§ Task objective
Copy out the full listing exactly, omitting any picture it contains.

§ Exercise input

◆ ◆ ◆

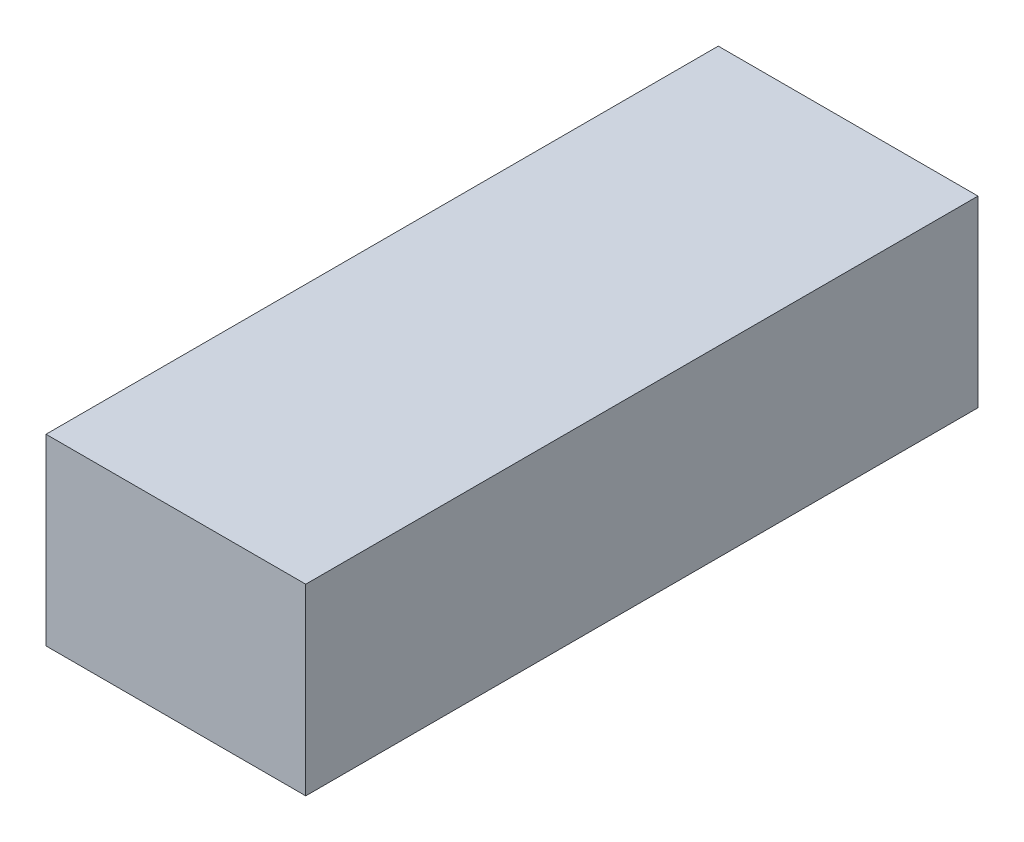
from build123d import *

# Parameters (mm, degrees)
SKETCH1_W           = 17
SKETCH1_H           = 44
BOSS_EXTRUDE1_DEPTH = 12


with BuildPart() as part:
    # Sketch1 → Boss-Extrude1 (new body)
    with BuildSketch(Plane(origin=(0, 0, 0), x_dir=(1, 0, 0), z_dir=(0, 1, 0))):
        with Locations((8.5, 22)):
            Rectangle(SKETCH1_W, SKETCH1_H)
    extrude(amount=BOSS_EXTRUDE1_DEPTH)


solid = part.part

◆ ◆ ◆

§ Result of the task
from build123d import *

# Parameters (mm, degrees)
SKETCH1_W           = 17
SKETCH1_H           = 44
BOSS_EXTRUDE1_DEPTH = 12


with BuildPart() as part:
    # Sketch1 → Boss-Extrude1 (new body)
    with BuildSketch(Plane(origin=(0, 0, 0), x_dir=(1, 0, 0), z_dir=(0, 1, 0))):
        with Locations((8.5, 22)):
            Rectangle(SKETCH1_W, SKETCH1_H)
    extrude(amount=BOSS_EXTRUDE1_DEPTH)


solid = part.part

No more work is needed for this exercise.